[[ The data open ]]
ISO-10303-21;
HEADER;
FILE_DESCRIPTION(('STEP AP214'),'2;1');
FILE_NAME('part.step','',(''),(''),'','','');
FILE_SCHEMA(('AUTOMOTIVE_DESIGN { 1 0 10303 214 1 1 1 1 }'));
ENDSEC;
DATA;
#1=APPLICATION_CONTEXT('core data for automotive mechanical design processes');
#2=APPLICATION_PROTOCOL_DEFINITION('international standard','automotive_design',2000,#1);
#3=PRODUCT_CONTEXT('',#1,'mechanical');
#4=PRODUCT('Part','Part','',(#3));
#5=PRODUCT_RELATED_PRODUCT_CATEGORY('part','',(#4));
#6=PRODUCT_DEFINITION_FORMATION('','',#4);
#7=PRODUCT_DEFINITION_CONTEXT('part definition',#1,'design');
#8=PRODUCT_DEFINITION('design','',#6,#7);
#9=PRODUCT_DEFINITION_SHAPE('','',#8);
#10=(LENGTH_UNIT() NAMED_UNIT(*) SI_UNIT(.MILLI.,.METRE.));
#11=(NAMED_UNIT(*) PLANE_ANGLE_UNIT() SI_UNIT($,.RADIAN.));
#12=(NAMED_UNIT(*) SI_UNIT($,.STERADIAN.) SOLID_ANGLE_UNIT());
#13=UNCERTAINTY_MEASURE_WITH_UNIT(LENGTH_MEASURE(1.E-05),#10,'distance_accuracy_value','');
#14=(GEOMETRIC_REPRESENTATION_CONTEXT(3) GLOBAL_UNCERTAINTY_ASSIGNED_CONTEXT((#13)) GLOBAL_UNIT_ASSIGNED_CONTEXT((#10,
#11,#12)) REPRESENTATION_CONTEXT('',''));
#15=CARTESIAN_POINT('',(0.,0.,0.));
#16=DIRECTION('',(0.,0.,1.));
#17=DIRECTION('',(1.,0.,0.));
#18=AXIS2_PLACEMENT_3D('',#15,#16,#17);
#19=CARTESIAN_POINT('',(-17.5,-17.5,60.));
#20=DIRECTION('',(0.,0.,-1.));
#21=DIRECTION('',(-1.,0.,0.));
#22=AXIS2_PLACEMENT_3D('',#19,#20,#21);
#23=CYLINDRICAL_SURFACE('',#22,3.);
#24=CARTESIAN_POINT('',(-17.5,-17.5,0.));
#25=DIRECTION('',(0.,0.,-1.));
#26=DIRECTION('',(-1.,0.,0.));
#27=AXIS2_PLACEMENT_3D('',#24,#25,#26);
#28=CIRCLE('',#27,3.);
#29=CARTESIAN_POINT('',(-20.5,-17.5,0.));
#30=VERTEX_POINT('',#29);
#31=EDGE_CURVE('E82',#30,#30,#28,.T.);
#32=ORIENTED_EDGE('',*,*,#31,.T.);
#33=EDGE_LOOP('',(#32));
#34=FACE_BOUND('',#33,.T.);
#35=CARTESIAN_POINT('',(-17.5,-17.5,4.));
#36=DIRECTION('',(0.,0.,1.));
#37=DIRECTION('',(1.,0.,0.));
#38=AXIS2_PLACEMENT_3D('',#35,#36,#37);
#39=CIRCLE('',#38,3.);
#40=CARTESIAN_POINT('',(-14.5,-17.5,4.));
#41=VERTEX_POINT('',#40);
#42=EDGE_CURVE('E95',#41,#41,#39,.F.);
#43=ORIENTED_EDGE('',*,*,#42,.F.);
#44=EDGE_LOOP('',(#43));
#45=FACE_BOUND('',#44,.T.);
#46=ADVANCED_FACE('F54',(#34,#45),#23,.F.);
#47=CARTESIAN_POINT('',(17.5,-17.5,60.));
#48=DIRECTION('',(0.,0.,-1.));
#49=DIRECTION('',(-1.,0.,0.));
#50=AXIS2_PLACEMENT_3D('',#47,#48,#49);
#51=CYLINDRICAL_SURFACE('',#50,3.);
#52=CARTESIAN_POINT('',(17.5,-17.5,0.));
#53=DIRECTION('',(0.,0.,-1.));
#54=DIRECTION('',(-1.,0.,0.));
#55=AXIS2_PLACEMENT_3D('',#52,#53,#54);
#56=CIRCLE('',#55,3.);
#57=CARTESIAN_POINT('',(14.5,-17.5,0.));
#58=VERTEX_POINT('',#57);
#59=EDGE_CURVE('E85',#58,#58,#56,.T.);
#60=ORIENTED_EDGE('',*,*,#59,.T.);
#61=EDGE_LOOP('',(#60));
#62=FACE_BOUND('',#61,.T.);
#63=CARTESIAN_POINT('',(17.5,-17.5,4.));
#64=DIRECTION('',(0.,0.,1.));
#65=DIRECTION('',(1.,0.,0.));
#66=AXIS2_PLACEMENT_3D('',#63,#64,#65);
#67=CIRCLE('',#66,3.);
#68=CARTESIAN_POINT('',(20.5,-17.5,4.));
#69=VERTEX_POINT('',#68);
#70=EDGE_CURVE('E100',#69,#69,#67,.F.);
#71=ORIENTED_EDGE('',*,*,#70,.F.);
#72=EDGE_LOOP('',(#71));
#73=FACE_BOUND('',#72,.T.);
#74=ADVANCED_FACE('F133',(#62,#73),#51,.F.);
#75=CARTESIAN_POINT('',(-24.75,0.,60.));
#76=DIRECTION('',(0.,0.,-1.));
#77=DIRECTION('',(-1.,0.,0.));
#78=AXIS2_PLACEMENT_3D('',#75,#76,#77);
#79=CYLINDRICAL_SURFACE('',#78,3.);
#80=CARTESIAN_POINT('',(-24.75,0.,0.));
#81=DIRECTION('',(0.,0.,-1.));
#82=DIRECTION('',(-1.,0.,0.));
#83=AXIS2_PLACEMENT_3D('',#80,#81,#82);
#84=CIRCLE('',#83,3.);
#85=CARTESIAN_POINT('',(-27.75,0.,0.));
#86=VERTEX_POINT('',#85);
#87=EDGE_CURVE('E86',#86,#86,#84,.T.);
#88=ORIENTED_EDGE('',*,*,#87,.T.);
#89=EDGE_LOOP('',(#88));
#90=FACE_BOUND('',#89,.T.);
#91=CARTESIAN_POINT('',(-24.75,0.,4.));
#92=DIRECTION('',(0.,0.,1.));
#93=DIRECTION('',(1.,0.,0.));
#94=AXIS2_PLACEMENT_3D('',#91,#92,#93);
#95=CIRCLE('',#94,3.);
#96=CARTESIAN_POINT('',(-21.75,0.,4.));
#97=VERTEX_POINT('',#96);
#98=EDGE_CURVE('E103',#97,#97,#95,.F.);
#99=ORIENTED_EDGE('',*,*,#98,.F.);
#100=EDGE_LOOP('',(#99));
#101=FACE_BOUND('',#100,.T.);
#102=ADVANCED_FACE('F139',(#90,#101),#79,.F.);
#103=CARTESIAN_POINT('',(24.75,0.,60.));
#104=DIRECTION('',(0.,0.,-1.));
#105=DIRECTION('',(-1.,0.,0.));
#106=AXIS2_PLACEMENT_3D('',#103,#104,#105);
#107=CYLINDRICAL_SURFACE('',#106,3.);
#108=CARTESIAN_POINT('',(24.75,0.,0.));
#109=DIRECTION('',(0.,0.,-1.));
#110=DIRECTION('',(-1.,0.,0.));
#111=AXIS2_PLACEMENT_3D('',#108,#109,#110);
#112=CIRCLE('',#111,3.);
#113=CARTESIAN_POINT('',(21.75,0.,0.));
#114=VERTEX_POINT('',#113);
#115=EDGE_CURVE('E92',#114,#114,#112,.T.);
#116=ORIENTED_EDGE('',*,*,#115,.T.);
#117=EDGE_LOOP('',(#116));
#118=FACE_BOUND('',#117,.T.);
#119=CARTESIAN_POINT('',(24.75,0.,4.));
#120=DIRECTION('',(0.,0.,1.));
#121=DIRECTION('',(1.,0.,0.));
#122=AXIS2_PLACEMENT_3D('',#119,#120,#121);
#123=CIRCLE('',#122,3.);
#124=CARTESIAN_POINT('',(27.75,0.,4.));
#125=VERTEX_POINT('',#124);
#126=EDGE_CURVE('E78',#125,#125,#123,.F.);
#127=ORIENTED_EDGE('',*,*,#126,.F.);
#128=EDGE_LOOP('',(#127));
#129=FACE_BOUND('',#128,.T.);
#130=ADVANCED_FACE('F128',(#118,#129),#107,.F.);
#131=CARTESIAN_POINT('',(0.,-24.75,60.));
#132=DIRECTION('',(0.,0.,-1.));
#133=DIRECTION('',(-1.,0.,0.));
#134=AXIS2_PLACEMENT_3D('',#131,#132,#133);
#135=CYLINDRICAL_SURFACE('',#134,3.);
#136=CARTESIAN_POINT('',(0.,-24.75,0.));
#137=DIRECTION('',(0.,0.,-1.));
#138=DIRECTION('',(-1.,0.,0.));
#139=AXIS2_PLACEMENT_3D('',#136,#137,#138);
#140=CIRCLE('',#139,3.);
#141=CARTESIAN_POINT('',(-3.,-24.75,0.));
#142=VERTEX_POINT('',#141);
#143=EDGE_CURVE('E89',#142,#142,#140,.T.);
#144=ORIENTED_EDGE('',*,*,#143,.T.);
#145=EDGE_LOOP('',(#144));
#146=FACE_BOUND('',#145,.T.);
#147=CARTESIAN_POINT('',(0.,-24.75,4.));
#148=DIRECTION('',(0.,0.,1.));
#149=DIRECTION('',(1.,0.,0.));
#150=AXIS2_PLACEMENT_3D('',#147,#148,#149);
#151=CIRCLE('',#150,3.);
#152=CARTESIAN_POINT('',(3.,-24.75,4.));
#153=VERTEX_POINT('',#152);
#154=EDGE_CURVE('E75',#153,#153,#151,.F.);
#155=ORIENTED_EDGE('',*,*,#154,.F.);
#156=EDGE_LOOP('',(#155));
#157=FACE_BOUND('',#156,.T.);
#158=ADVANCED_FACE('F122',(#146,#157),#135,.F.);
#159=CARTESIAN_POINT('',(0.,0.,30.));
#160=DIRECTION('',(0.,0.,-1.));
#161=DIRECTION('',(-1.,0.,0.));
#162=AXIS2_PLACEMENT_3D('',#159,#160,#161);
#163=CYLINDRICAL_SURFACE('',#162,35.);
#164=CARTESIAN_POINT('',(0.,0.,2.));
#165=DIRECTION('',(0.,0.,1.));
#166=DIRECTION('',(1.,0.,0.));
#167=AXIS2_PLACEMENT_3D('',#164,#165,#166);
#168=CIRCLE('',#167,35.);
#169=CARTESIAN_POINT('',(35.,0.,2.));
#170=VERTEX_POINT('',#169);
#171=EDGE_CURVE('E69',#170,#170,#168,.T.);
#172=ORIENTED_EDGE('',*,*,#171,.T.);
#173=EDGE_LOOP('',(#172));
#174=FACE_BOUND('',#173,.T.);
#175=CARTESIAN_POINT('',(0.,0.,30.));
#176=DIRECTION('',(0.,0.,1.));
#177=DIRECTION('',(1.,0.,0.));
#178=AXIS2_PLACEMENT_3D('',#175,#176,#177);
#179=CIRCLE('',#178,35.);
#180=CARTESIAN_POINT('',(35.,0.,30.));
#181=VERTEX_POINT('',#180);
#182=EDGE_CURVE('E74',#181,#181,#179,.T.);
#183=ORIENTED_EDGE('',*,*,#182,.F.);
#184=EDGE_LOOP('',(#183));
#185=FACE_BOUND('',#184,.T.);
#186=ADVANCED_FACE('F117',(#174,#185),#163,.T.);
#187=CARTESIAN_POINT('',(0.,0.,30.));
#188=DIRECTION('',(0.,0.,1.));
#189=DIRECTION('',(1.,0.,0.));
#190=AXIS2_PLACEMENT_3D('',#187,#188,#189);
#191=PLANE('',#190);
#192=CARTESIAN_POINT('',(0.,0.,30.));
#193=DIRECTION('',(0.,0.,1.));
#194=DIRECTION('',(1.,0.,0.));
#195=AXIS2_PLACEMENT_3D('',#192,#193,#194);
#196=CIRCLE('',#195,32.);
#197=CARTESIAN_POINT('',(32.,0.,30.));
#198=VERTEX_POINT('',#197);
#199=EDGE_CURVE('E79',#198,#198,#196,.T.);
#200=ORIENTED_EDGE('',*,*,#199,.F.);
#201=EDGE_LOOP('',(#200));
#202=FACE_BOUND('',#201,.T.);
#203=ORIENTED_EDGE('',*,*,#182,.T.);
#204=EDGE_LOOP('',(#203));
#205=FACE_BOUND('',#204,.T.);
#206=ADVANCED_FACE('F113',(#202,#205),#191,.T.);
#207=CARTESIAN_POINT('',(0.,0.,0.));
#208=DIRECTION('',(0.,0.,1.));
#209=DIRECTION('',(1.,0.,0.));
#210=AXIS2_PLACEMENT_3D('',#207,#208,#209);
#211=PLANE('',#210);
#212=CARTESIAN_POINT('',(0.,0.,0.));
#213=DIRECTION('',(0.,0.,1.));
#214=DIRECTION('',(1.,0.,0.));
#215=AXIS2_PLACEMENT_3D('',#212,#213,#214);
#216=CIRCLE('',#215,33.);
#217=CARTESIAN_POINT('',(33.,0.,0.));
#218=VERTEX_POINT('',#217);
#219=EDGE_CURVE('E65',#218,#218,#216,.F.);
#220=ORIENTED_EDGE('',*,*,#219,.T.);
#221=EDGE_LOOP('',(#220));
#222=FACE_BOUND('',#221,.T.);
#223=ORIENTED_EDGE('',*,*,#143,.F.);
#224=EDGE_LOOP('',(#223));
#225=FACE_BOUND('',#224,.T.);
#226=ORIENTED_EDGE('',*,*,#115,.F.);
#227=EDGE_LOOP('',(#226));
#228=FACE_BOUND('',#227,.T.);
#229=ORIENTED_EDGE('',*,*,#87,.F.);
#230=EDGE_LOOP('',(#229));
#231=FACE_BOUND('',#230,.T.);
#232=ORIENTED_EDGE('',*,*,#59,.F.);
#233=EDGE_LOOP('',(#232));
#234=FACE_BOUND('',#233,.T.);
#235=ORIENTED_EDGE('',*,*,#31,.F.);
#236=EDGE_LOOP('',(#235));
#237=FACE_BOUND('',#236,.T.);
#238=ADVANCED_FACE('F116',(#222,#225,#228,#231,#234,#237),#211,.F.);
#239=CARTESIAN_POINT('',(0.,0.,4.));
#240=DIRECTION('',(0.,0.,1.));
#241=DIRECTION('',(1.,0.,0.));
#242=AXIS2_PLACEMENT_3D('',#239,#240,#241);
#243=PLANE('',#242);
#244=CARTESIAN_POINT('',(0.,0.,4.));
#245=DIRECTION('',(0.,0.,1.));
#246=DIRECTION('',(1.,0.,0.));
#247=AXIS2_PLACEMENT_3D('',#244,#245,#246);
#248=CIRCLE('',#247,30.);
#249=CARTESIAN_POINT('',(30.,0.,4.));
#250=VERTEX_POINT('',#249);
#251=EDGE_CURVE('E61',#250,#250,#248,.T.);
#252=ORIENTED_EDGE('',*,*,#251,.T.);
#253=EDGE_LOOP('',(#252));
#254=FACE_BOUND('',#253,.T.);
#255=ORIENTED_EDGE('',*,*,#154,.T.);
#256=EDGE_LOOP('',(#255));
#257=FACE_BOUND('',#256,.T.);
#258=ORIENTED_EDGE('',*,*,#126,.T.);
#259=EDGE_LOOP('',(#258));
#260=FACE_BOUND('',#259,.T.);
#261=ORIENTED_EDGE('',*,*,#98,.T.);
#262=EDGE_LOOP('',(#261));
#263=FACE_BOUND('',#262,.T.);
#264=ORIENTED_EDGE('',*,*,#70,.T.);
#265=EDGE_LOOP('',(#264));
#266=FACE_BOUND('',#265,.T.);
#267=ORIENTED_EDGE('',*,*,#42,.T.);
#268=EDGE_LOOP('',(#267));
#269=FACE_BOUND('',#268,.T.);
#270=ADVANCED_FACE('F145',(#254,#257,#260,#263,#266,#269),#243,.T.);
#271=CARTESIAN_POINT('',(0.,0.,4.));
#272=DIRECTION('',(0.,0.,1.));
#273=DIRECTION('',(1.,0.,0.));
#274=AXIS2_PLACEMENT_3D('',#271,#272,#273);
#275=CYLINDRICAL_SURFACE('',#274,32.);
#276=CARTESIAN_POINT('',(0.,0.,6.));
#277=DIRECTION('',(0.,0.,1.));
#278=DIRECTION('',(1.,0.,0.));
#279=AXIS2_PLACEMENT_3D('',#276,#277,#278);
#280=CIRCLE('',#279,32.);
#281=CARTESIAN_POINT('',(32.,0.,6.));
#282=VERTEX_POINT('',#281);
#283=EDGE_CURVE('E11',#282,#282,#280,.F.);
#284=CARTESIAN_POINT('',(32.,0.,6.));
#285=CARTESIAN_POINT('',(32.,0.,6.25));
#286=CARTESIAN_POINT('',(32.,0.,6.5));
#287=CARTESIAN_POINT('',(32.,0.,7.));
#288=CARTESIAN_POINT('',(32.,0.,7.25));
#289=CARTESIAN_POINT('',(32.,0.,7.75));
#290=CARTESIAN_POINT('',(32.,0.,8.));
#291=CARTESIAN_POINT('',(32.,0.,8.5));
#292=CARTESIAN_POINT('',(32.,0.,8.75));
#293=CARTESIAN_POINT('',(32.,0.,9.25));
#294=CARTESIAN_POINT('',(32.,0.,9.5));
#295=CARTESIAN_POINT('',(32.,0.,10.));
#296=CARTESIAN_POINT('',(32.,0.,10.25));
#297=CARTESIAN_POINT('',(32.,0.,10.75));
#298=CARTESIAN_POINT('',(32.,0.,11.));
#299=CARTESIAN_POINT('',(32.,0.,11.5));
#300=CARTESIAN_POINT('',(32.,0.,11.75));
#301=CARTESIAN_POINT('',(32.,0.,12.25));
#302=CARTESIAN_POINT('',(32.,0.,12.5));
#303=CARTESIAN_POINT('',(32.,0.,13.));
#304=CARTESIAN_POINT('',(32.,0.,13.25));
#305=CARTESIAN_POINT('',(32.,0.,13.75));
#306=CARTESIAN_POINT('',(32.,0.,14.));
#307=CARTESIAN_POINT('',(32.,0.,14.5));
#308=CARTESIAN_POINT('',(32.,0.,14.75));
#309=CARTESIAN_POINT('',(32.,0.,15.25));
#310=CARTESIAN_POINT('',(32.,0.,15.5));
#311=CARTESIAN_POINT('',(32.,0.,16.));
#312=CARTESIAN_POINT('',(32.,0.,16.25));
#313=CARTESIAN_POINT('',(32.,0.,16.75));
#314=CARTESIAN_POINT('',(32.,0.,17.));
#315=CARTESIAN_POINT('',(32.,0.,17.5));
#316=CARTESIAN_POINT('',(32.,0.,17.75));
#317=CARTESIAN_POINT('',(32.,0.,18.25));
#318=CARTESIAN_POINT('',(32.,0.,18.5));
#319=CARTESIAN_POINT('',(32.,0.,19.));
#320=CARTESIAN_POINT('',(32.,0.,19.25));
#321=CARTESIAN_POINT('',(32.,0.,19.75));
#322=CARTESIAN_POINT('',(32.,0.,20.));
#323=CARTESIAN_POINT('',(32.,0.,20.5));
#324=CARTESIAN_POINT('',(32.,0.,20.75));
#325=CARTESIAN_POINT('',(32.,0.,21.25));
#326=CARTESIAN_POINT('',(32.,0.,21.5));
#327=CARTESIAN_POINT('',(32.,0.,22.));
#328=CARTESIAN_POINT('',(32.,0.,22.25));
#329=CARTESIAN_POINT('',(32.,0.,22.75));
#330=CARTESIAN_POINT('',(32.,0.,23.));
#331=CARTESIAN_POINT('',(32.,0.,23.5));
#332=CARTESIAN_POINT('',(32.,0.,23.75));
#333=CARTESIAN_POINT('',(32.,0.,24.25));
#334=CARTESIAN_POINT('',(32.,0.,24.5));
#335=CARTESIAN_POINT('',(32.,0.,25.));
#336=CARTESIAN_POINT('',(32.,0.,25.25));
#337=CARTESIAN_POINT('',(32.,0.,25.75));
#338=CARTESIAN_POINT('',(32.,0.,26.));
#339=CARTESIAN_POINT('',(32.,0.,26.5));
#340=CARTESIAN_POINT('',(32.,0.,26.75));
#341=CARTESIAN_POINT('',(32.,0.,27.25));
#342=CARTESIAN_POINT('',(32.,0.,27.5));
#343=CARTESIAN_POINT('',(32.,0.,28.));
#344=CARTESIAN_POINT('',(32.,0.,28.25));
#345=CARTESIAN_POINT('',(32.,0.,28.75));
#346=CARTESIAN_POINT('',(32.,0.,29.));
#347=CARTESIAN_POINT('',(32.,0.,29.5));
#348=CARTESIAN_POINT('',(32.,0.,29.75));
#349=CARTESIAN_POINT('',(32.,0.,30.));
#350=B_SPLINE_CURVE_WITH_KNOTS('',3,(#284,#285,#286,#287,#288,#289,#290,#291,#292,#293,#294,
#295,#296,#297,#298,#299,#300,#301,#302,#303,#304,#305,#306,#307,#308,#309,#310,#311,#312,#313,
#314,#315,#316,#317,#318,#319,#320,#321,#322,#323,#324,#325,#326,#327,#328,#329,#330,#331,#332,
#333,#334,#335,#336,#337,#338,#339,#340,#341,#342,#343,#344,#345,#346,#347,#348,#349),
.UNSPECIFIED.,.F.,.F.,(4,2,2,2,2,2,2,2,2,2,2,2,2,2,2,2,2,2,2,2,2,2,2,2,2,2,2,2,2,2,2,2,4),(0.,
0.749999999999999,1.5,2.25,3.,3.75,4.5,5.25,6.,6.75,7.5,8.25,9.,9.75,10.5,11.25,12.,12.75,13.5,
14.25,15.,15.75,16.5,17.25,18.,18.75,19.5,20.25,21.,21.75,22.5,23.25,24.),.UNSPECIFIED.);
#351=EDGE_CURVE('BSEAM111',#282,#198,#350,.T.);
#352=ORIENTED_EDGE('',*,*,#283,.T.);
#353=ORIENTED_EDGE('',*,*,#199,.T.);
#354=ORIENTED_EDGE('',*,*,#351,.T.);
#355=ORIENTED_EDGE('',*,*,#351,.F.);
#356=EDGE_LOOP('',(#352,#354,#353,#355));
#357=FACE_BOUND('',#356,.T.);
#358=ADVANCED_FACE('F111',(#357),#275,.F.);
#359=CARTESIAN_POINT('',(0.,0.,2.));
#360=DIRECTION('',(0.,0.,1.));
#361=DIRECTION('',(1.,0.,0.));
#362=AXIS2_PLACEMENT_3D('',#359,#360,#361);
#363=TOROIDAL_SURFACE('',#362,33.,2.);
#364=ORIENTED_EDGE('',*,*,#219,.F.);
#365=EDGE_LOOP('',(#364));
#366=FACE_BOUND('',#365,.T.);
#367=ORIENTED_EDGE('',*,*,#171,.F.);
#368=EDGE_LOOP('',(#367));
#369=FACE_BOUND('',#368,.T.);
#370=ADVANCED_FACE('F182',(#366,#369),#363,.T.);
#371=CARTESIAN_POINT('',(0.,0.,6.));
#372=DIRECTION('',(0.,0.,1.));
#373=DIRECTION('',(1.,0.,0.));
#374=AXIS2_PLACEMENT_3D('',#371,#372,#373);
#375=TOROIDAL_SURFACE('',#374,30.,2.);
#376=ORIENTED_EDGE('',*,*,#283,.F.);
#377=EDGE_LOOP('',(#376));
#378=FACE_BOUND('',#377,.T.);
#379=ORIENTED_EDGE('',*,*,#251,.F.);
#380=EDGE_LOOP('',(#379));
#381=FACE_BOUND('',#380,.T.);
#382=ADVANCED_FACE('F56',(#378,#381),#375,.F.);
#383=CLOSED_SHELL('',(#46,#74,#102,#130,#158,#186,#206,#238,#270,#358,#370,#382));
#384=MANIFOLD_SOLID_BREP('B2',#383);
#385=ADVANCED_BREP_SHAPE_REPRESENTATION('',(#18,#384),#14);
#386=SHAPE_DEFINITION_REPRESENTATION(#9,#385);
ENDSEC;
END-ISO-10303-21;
[[ The data closed ]]
Task item:
Beginning at the line with "#227=EDGE_LOOP('',(#226));" and stopping after the line with "#248=CIRCLE('',#247,30.);", please write out every line of the data above exactly and nothing else.

Response area:
#227=EDGE_LOOP('',(#226));
#228=FACE_BOUND('',#227,.T.);
#229=ORIENTED_EDGE('',*,*,#87,.F.);
#230=EDGE_LOOP('',(#229));
#231=FACE_BOUND('',#230,.T.);
#232=ORIENTED_EDGE('',*,*,#59,.F.);
#233=EDGE_LOOP('',(#232));
#234=FACE_BOUND('',#233,.T.);
#235=ORIENTED_EDGE('',*,*,#31,.F.);
#236=EDGE_LOOP('',(#235));
#237=FACE_BOUND('',#236,.T.);
#238=ADVANCED_FACE('F116',(#222,#225,#228,#231,#234,#237),#211,.F.);
#239=CARTESIAN_POINT('',(0.,0.,4.));
#240=DIRECTION('',(0.,0.,1.));
#241=DIRECTION('',(1.,0.,0.));
#242=AXIS2_PLACEMENT_3D('',#239,#240,#241);
#243=PLANE('',#242);
#244=CARTESIAN_POINT('',(0.,0.,4.));
#245=DIRECTION('',(0.,0.,1.));
#246=DIRECTION('',(1.,0.,0.));
#247=AXIS2_PLACEMENT_3D('',#244,#245,#246);
#248=CIRCLE('',#247,30.);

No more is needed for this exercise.